### Task brief
All lines in the records that carry the string "DIRECTION" are to be shown.

### Dataset content
........
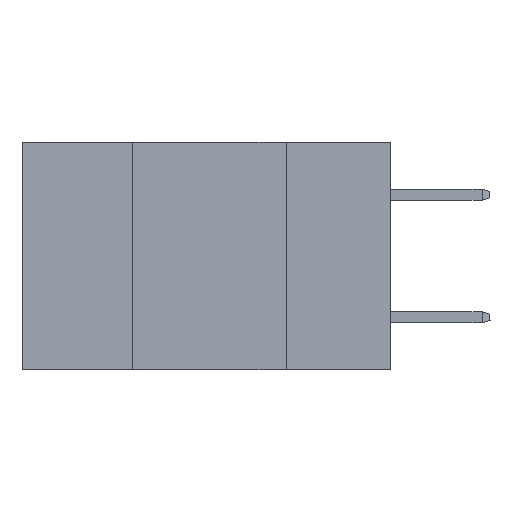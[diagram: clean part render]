
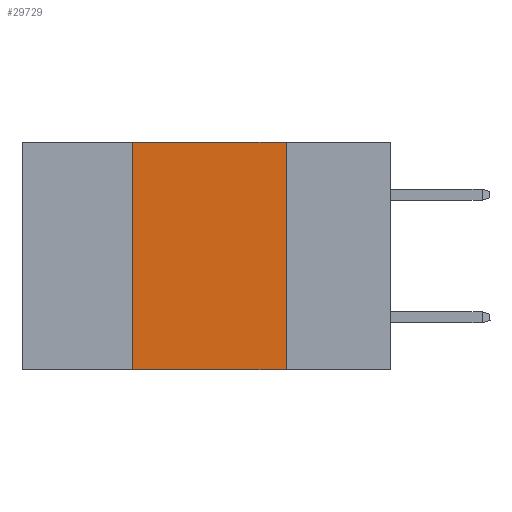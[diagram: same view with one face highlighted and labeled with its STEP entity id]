
A CAD part, left-side view. The second image highlights one B-rep face of the part: STEP entity #29729.
In plain terms, the highlighted planar face has unit normal (-1, 0, 0).
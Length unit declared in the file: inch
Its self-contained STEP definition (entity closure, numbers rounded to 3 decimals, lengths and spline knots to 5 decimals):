
#1291 = ORIENTED_EDGE ( 'NONE', *, *, #21463, .F. ) ;
#2175 = CARTESIAN_POINT ( 'NONE',  ( 0., 0.17, 0. ) ) ;
#7236 = VECTOR ( 'NONE', #20788, 39.37008 ) ;
#9308 = CARTESIAN_POINT ( 'NONE',  ( 0., 0.42, 0. ) ) ;
#12909 = CARTESIAN_POINT ( 'NONE',  ( 0., 0.17, 0. ) ) ;
#13447 = EDGE_CURVE ( 'NONE', #32488, #31087, #32895, .T. ) ;
#14656 = VECTOR ( 'NONE', #32784, 39.37008 ) ;
#15063 = VERTEX_POINT ( 'NONE', #25823 ) ;
#15509 = EDGE_CURVE ( 'NONE', #39647, #31087, #29289, .T. ) ;
#16565 = DIRECTION ( 'NONE',  ( 0., 0., -1. ) ) ;
#17261 = CARTESIAN_POINT ( 'NONE',  ( 0., 0.6, 0. ) ) ;
#17863 = DIRECTION ( 'NONE',  ( 0., -1., 0. ) ) ;
#18112 = DIRECTION ( 'NONE',  ( 0., 0., -1. ) ) ;
#20788 = DIRECTION ( 'NONE',  ( 0., -1., 0. ) ) ;
#21463 = EDGE_CURVE ( 'NONE', #15063, #32488, #25097, .T. ) ;
#22266 = CARTESIAN_POINT ( 'NONE',  ( 0., 0.42, -0.37 ) ) ;
#24560 = ORIENTED_EDGE ( 'NONE', *, *, #33453, .F. ) ;
#25097 = LINE ( 'NONE', #17261, #7236 ) ;
#25823 = CARTESIAN_POINT ( 'NONE',  ( 0., 0.42, 0. ) ) ;
#26820 = AXIS2_PLACEMENT_3D ( 'NONE', #31463, #38203, #18112 ) ;
#27159 = VECTOR ( 'NONE', #16565, 39.37008 ) ;
#29289 = LINE ( 'NONE', #40895, #37183 ) ;
#29293 = ORIENTED_EDGE ( 'NONE', *, *, #15509, .T. ) ;
#29696 = EDGE_LOOP ( 'NONE', ( #37655, #1291, #24560, #29293 ) ) ;
#29729 = ADVANCED_FACE ( 'NONE', ( #31228 ), #38765, .F. ) ;
#31087 = VERTEX_POINT ( 'NONE', #35006 ) ;
#31228 = FACE_OUTER_BOUND ( 'NONE', #29696, .T. ) ;
#31463 = CARTESIAN_POINT ( 'NONE',  ( 0., 0.6, 0. ) ) ;
#32488 = VERTEX_POINT ( 'NONE', #2175 ) ;
#32784 = DIRECTION ( 'NONE',  ( 0., 0., 1. ) ) ;
#32895 = LINE ( 'NONE', #12909, #27159 ) ;
#33453 = EDGE_CURVE ( 'NONE', #39647, #15063, #42939, .T. ) ;
#35006 = CARTESIAN_POINT ( 'NONE',  ( 0., 0.17, -0.37 ) ) ;
#37183 = VECTOR ( 'NONE', #17863, 39.37008 ) ;
#37655 = ORIENTED_EDGE ( 'NONE', *, *, #13447, .F. ) ;
#38203 = DIRECTION ( 'NONE',  ( 1., 0., 0. ) ) ;
#38765 = PLANE ( 'NONE',  #26820 ) ;
#39647 = VERTEX_POINT ( 'NONE', #22266 ) ;
#40895 = CARTESIAN_POINT ( 'NONE',  ( 0., 0.6, -0.37 ) ) ;
#42939 = LINE ( 'NONE', #9308, #14656 ) ;
........
### Solution
#16565 = DIRECTION ( 'NONE',  ( 0., 0., -1. ) ) ;
#17863 = DIRECTION ( 'NONE',  ( 0., -1., 0. ) ) ;
#18112 = DIRECTION ( 'NONE',  ( 0., 0., -1. ) ) ;
#20788 = DIRECTION ( 'NONE',  ( 0., -1., 0. ) ) ;
#32784 = DIRECTION ( 'NONE',  ( 0., 0., 1. ) ) ;
#38203 = DIRECTION ( 'NONE',  ( 1., 0., 0. ) ) ;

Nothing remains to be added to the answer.